In the final multivariate model, only two factors remained significant contributors: being online on weekdays (positive) and weekend (negative). The most relevant finding of our study emphasizes the role of being online on weekdays, while this is not the case in terms of the weekend. One possible explanation can be a shift in students’ social connections during the different days of the week. On weekdays, adolescents are usually together with peers and their online activity is different compared to the weekend when they spend more time with family and may experience a higher level of parental control. This peer effect on weekdays may manifest in their shared attitudes towards their body and dietary behavior through personal contact and social media. Earlier studies also emphasize the role of parents in setting rules for online activity. 35 Social-emotional support from the parents would even be more important to prevent both Internet addiction and disordered eating.10–12
Study Limitations
Since our study is cross-sectional, cause-and-effect relationships could not be justified. In addition, due to the relatively small sample size and the type of school (private) these findings cannot be generalizable. We should also keep in mind that this study has been done at the time when the country was just recovering from the second peak of COVID-19 which could elevate the screentime among schoolchildren. All in all, a more detailed and elaborated model with a representative sample is necessary for future research to get a deeper insight into the background variables of adolescents’ disordered eating in India. Finally, validation of the scales on Indian population has not been undertaken yet, this is the reason for using the scales in their original (English) language. We should also mention here that we did not investigate eating disorders with a diagnosis, our findings only explored contributors to elevating the risk of disordered eating that might be also potential risk factors for eating disorders as well.
Conclusion
Although our findings are preliminary, they highlight that excessive online activity on weekdays can elevate the risk of disordered eating among Indian adolescents, while time spent online on weekends does not have a similar role. Further research is needed to clarify these associations, including leisure time spent with the family or the parents’ rules for online activities which can be protective on weekends.

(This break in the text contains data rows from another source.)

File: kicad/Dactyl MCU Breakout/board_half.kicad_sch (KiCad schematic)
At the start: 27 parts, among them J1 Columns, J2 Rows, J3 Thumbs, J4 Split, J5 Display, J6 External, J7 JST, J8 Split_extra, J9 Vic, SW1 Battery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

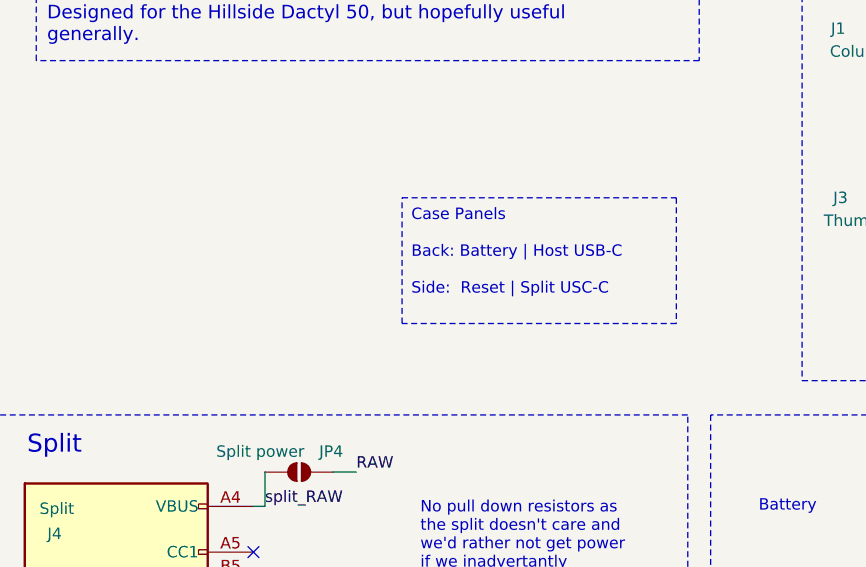
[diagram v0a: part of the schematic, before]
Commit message: feat: panel rails, back silk on footprints
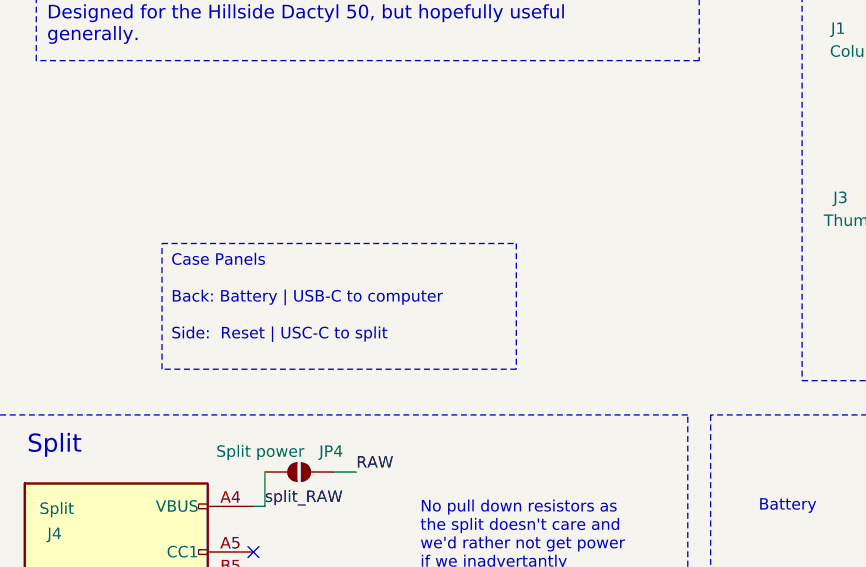
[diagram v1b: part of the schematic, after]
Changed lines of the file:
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@@
 		)
 	)
-	(text_box "        Case Panels\n\nBack: Battery | Host USB-C\n\nSide:  Reset | Split USC-C "
+	(text_box "        Case Panels\n\nBack: Battery | USB-C to computer\n\nSide:  Reset | USC-C to split"
 		(exclude_from_sim no)
-		(at 58.42 82.55 0)
-		(size 30.48 13.97)
+		(at 31.75 87.63 0)
+		(size 39.37 13.97)
 		(stroke
 			(width 0)

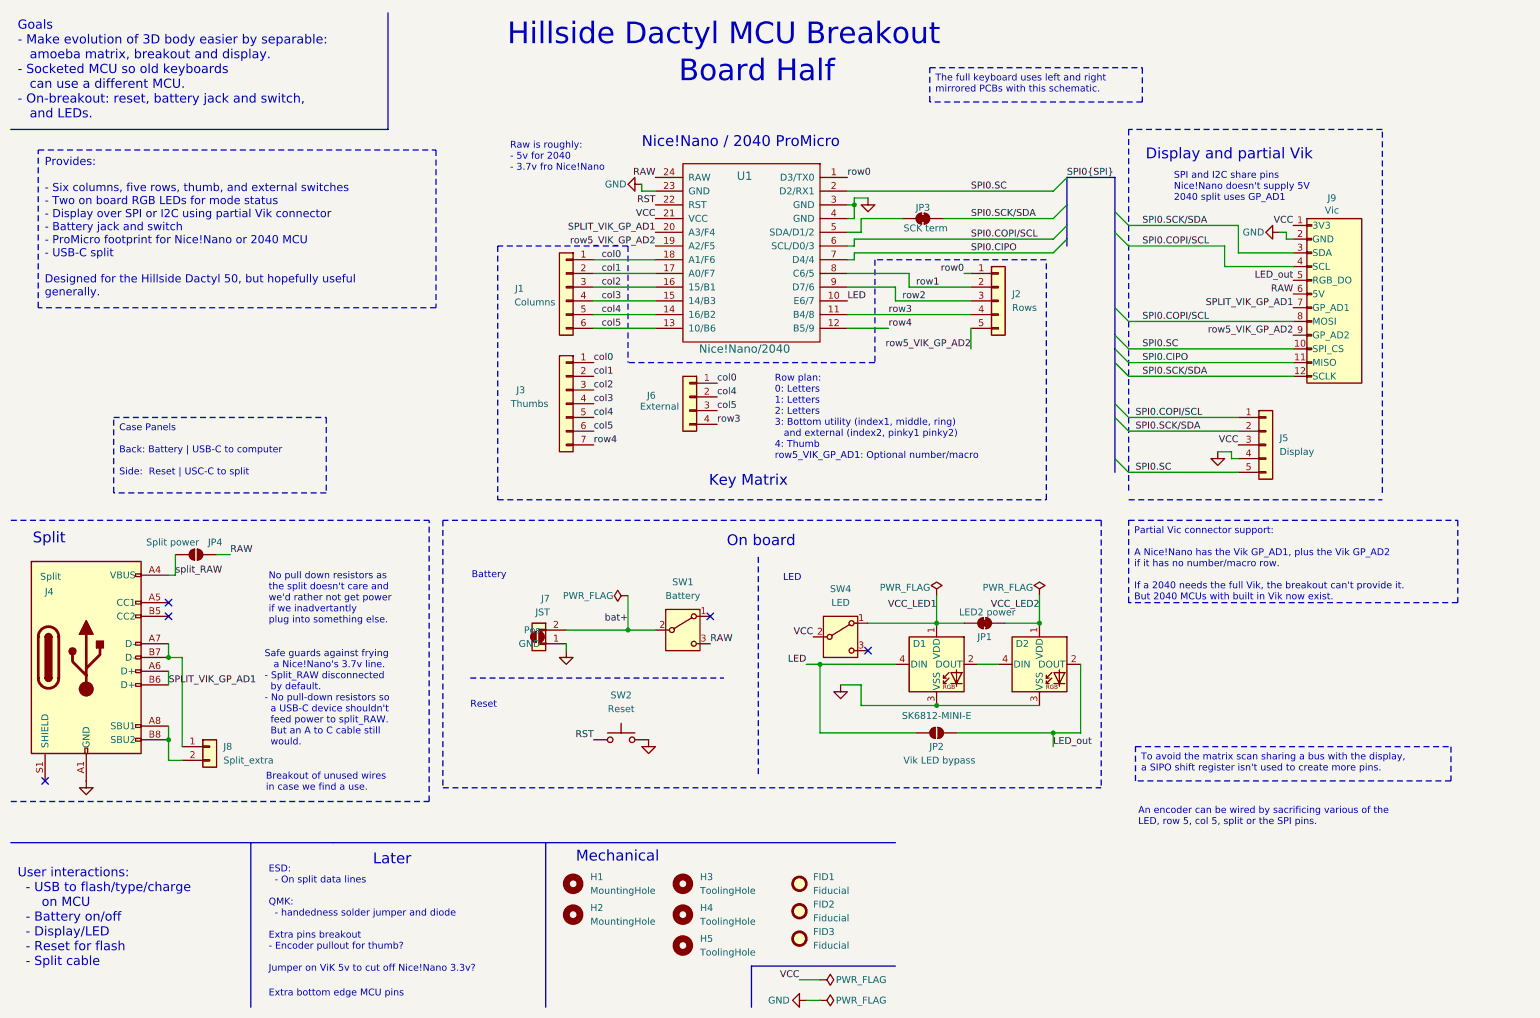
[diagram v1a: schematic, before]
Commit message: feat: Handedness jumper, better case corner notch
- Move panel details to separate project
- Remove Col 0 from thumb header
- Add handedness solder jumper and diode
- Add corner notch for case bottom mount
- Clean up silks and wiring
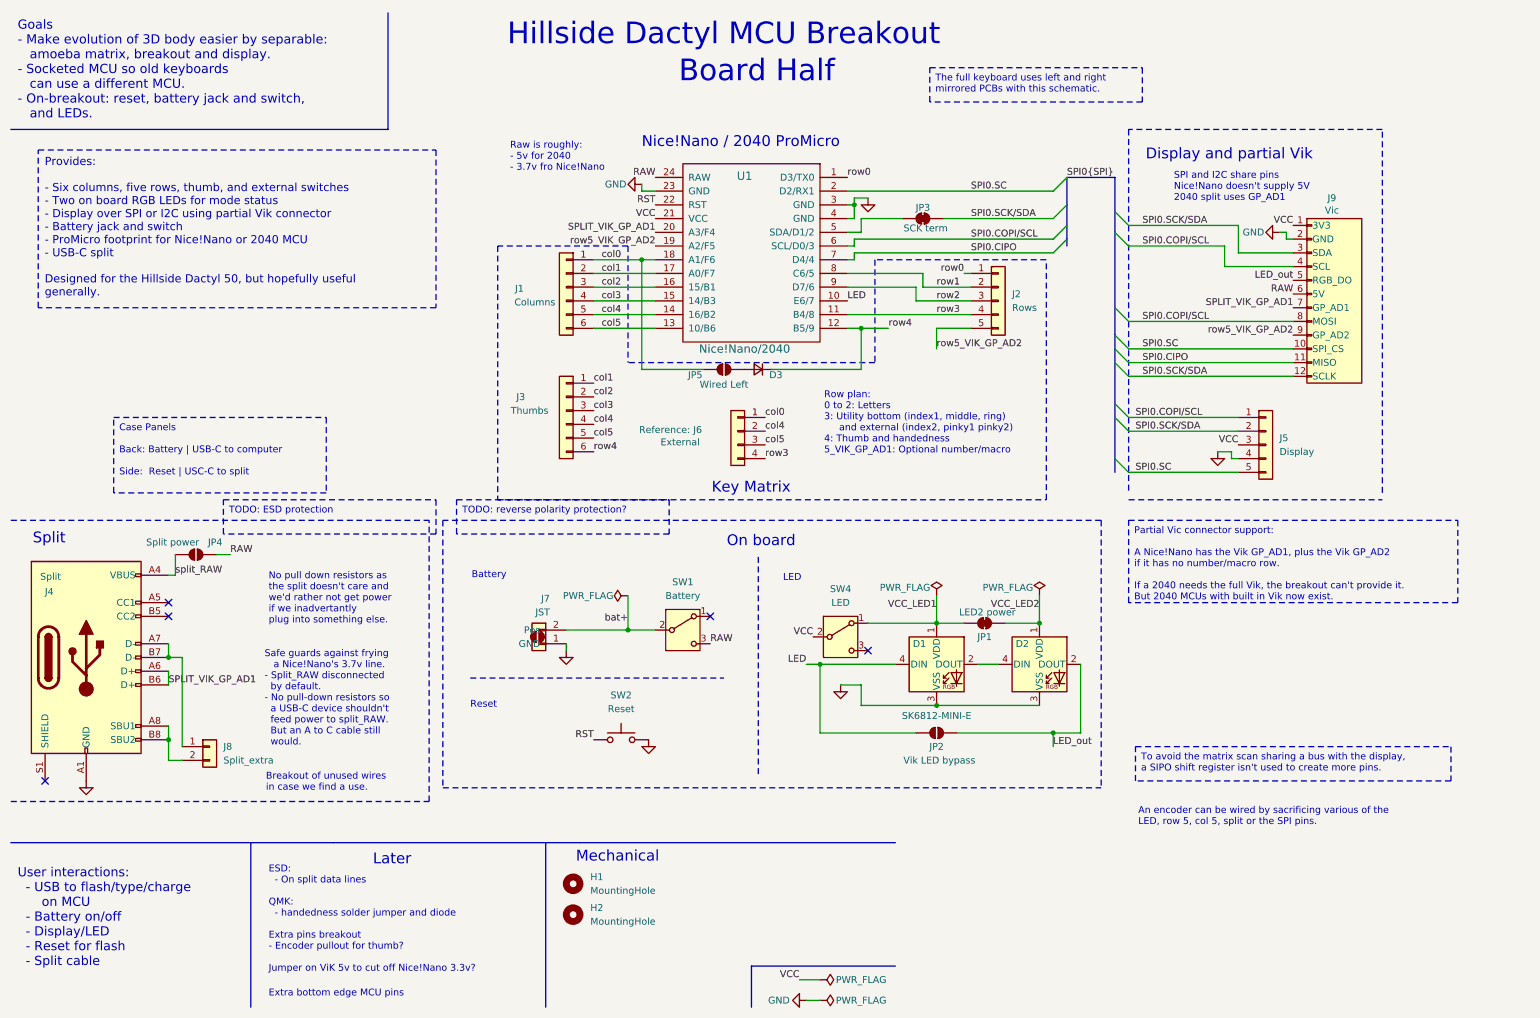
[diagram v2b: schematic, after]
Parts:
- removed FID1, FID2, FID3: Fiducial, Fiducial:Fiducial_1mm_Mask2mm, symbol Mechanical:Fiducial
- removed H3, H4, H5: ToolingHole, Dactyl:ToolingHole_1.152mm, symbol Mechanical:MountingHole
- added D3: D_Small, Diode_SMD:D_0603_1608Metric, symbol Device:D_Small
- added JP5: Wired Left, Jumper:SolderJumper-2_P1.3mm_Open_RoundedPad1.0x1.5mm, symbol Jumper:SolderJumper_2_Open
- J3: footprint Connector_PinHeader_2.54mm:PinHeader_1x07_P2.54mm_Vertical -> Dactyl:PinHeader_Thumbs; symbol Connector_Generic:Conn_01x07 -> Connector_Generic:Conn_01x06
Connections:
- net col0: now also JP5.1 (A); no longer J3.1 (Pin_1)
- net col1: now also J3.1 (Pin_1); no longer J3.2 (Pin_2)
- net col2: now also J3.2 (Pin_2); no longer J3.3 (Pin_3)
- net col3: now also J3.3 (Pin_3); no longer J3.4 (Pin_4)
- net col4: now also J3.4 (Pin_4); no longer J3.5 (Pin_5)
- net col5: now also J3.5 (Pin_5); no longer J3.6 (Pin_6)
- net row4: now also J3.6 (Pin_6), D3.1 (K); no longer J3.7 (Pin_7)
- new net: D3.2 (A), JP5.2 (B)
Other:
- note added: "Row plan: 0 to 2: Letters 3: Utility bottom (index1, middle, ring) and external (index2, pinky1 pinky2) 4: Thumb and handedness 5_VIK_GP_AD1: Optional number/macro"
- note removed: "Row plan: 0: Letters 1: Letters 2: Letters 3: Bottom utility (index1, middle, ring) and external (index2, pinky1 pinky2) 4: Thumb row5_VIK_GP_AD1: Optional number/macro"
- moved on the sheet: Reference: J6

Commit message: feat: ESD protection. Tidy up before mirroring
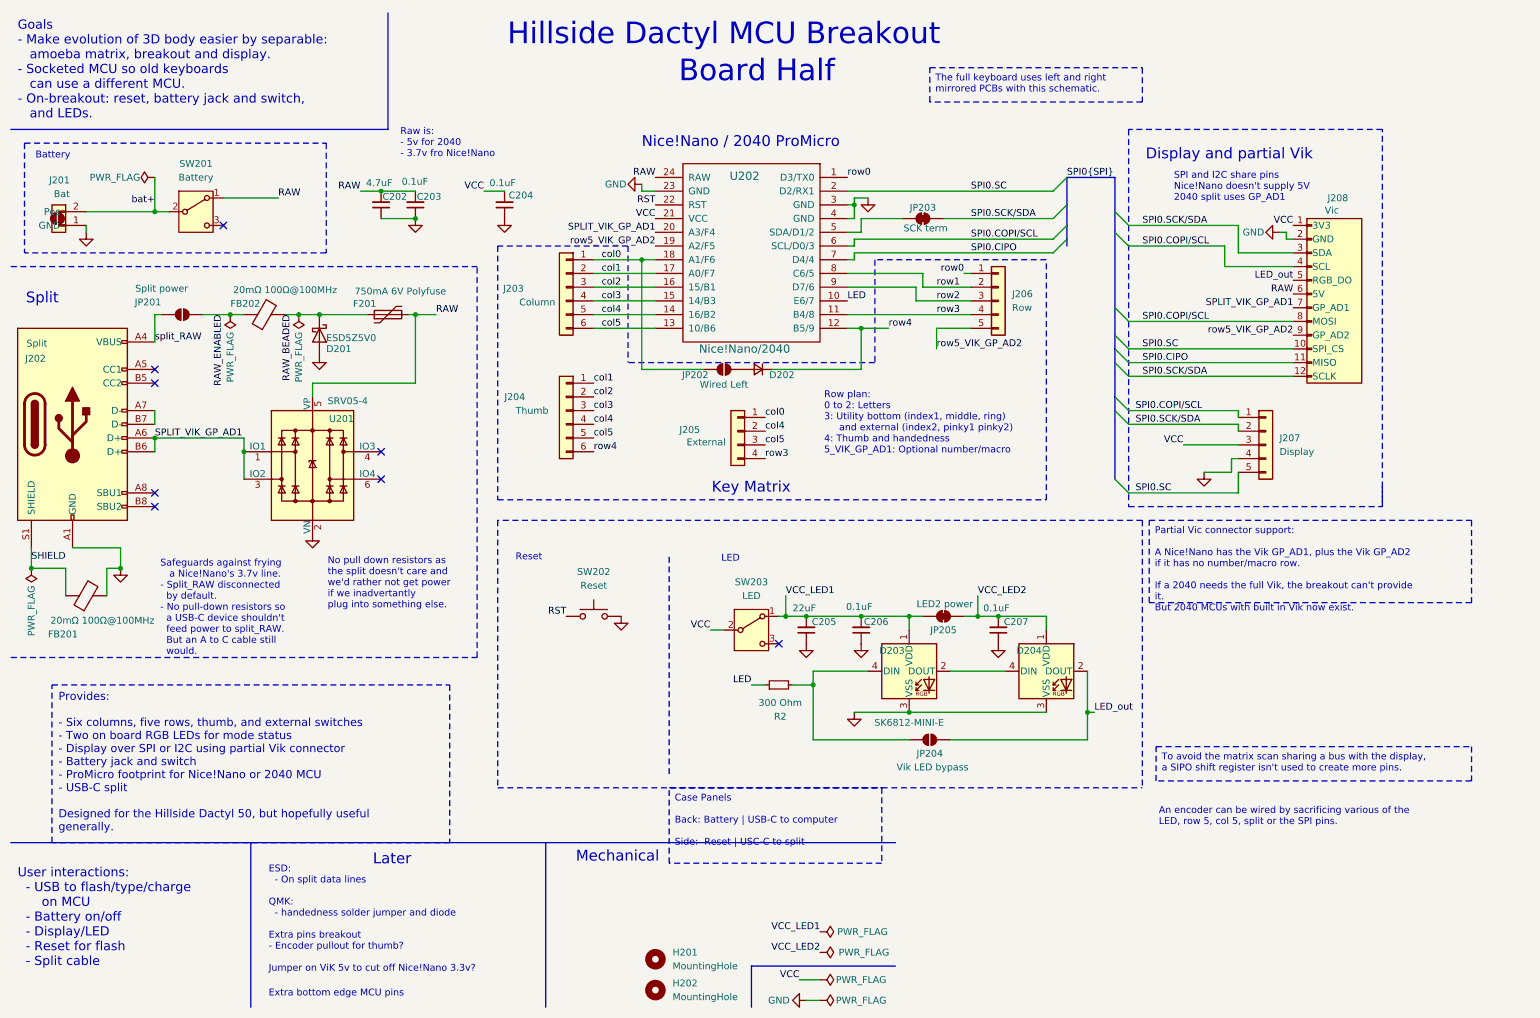
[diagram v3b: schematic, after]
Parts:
- removed J8: Split_extra, Connector_PinHeader_2.54mm:PinHeader_1x02_P2.54mm_Vertical, symbol Connector_Generic:Conn_01x02
- added C202: 4.7uF, Capacitor_SMD:C_0805_2012Metric, symbol Device:C_Small
- added C203, C204, C206, C207: 0.1uF, Capacitor_SMD:C_0402_1005Metric, symbol Device:C_Small
- added C205: 22uF, Capacitor_SMD:C_0805_2012Metric, symbol Device:C_Small
- added D201: ESD5Z5V0, Diode_SMD:D_SOD-523, symbol Diode:C3D12065A
- added F201: 750mA 6V Polyfuse, Fuse:Fuse_0805_2012Metric, symbol Device:Polyfuse
- added FB201, FB202: 20mΩ 100Ω@100MHz, Inductor_SMD:L_0805_2012Metric, symbol Device:FerriteBead
- added R2: 300 Ohm, Resistor_SMD:R_0603_1608Metric, symbol Device:R_Small
- added U201: SRV05-4, Package_TO_SOT_SMD:SOT-23-6, symbol Power_Protection:SRV05-4
- D202: renamed from D3; footprint Diode_SMD:D_0603_1608Metric -> Dactyl_basics:D_0603_1608Metric
- H201: renamed from H1; footprint MountingHole:MountingHole_3.2mm_M3_DIN965 -> Dactyl_basics:MountingHole_3.2mm_M3_DIN965; now left out of the parts list
- H202: renamed from H2; footprint MountingHole:MountingHole_3.2mm_M3_DIN965 -> Dactyl_basics:MountingHole_3.2mm_M3_DIN965; now left out of the parts list
- J201: renamed from J7; value JST -> Bat
- J202: renamed from J4; footprint Connector_USB:USB_C_Receptacle_HRO_TYPE-C-31-M-12 -> Dactyl_basics:USB_C_Receptacle_HRO_TYPE-C-31-M-12
- J203: renamed from J1; value Columns -> Column; footprint Connector_PinHeader_2.54mm:PinHeader_1x06_P2.54mm_Vertical -> Dactyl:PinHeader_Columns; now left out of the parts list
- J204: renamed from J3; value Thumbs -> Thumb; now left out of the parts list
- J205: renamed from J6; footprint Connector_PinHeader_2.54mm:PinHeader_1x04_P2.54mm_Vertical -> Dactyl:PinHeader_External; now left out of the parts list
- J206: renamed from J2; value Rows -> Row; footprint Connector_PinHeader_2.54mm:PinHeader_1x05_P2.54mm_Vertical -> Dactyl:PinHeader_Rows; now left out of the parts list
- J207: renamed from J5; footprint Connector_PinHeader_2.54mm:PinHeader_1x05_P2.54mm_Vertical -> Dactyl:PinHeader_Display; now left out of the parts list
- JP201: renamed from JP4; footprint Jumper:SolderJumper-2_P1.3mm_Open_RoundedPad1.0x1.5mm -> Dactyl_basics:SolderJumper-2_P1.3mm_Open_RoundedPad1.0x1.5mm
- JP202: renamed from JP5; footprint Jumper:SolderJumper-2_P1.3mm_Open_RoundedPad1.0x1.5mm -> Dactyl_basics:SolderJumper-2_P1.3mm_Open_RoundedPad1.0x1.5mm
- JP203: renamed from JP3; footprint Jumper:SolderJumper-2_P1.3mm_Bridged_RoundedPad1.0x1.5mm -> Dactyl_basics:SolderJumper-2_P1.3mm_Bridged_RoundedPad1.0x1.5mm
- JP204: renamed from JP2; footprint Jumper:SolderJumper-2_P1.3mm_Open_RoundedPad1.0x1.5mm -> Dactyl_basics:SolderJumper-2_P1.3mm_Open_RoundedPad1.0x1.5mm
- JP205: renamed from JP1; footprint Jumper:SolderJumper-2_P1.3mm_Bridged_RoundedPad1.0x1.5mm -> Dactyl_basics:SolderJumper-2_P1.3mm_Bridged_RoundedPad1.0x1.5mm; now left out of the parts list
- SW201: renamed from SW1; footprint Dactyl:SW_SPDT_JS202011AQN_wider -> Dactyl:SW_SPDT_Battery
- SW202: renamed from SW2; footprint Dactyl:SW_Tactile_SKHL_Angled -> Dactyl_basics:SW_Tactile_SKHL_Angled
- renumbered D1 to D203, D2 to D204, J9 to J208, SW4 to SW203, U1 to U202
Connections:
- net GND: now also C202.1, C203.1, C204.1, C205.1, C206.1, C207.1, D201.2 (A), FB201.2, U201.2 (VN)
- net LED: now also R2.1; no longer D203.4 (DIN), JP204.1 (A)
- net RAW: now also SW201.1 (A), C202.2, C203.2, F201.2, U201.5 (VP); no longer JP201.2 (B), SW201.3 (C)
- net SPLIT_VIK_GP_AD1: now also U201.1 (IO1), U201.3 (IO2)
- net VCC: now also C204.2
- net VCC_LED1: now also C205.2, C206.2
- net VCC_LED2: now also C207.2
- net at J202.A8 (SBU1): no longer J202.B8 (SBU2)
- net SHIELD: now reaches J202.S1 (SHIELD)
- net SHIELD: now also FB201.1
- new net: D203.4 (DIN), JP204.1 (A), R2.2
- new net RAW_BEADED: D201.1 (K), F201.1, FB202.2
- new net RAW_ENABLED: FB202.1, JP201.2 (B)
- no-connect marks 5 -> 8
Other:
- note added: "Raw is: - 5v for 2040 - 3.7v fro Nice!Nano"
- note added: "Safeguards against frying a Nice!Nano's 3.7v line. - Split_RAW disconnected by default. - No pull-down resistors so a USB-C device shouldn't feed power to split_RAW. But an A to C cable still would."
- note removed: "Breakout of unused wires in case we find a use."
- note removed: "On board"
- note removed: "Raw is roughly: - 5v for 2040 - 3.7v fro Nice!Nano"
- note removed: "Safe guards against frying a Nice!Nano's 3.7v line. - Split_RAW disconnected by default. - No pull-down resistors so a USB-C device shouldn't feed power to split_RAW. But an A to C cable still would."
- moved on the sheet: D203, D204, H201, H202, J201, J202, JP201, JP204, JP205, SW201, SW202, SW203

Hopefully these findings can trigger further examinations on the role of digital device activities and social variables.
Authors Contributions
All the authors made substantive intellectual contributions to the study. PBF was primarily responsible for drafting the manuscript, KH and PK critically reviewed it. PBF, KH and PK were involved in the conceptualization of the project. PK was responsible for data collection, PBF, KH and PK analyzed the data. All authors read and approved the final manuscript.
Footnotes
Declaration of Conflicting Interests
The authors declared no potential conflicts of interest with respect to the research, authorship, and/or publication of this article.
Funding
The authors received no financial support for the research, authorship, and/or publication of this article.
Ethical Approval
This study was performed in line with the principles of the Declaration of Helsinki. Approval was granted by the Ethics Committee of the Doctoral School of Education, University of Szeged, Hungary (No. 4/2020).
Informed Consent
A written informed consent were received and obtained respectively before initiating the study from all participants, including parents and children.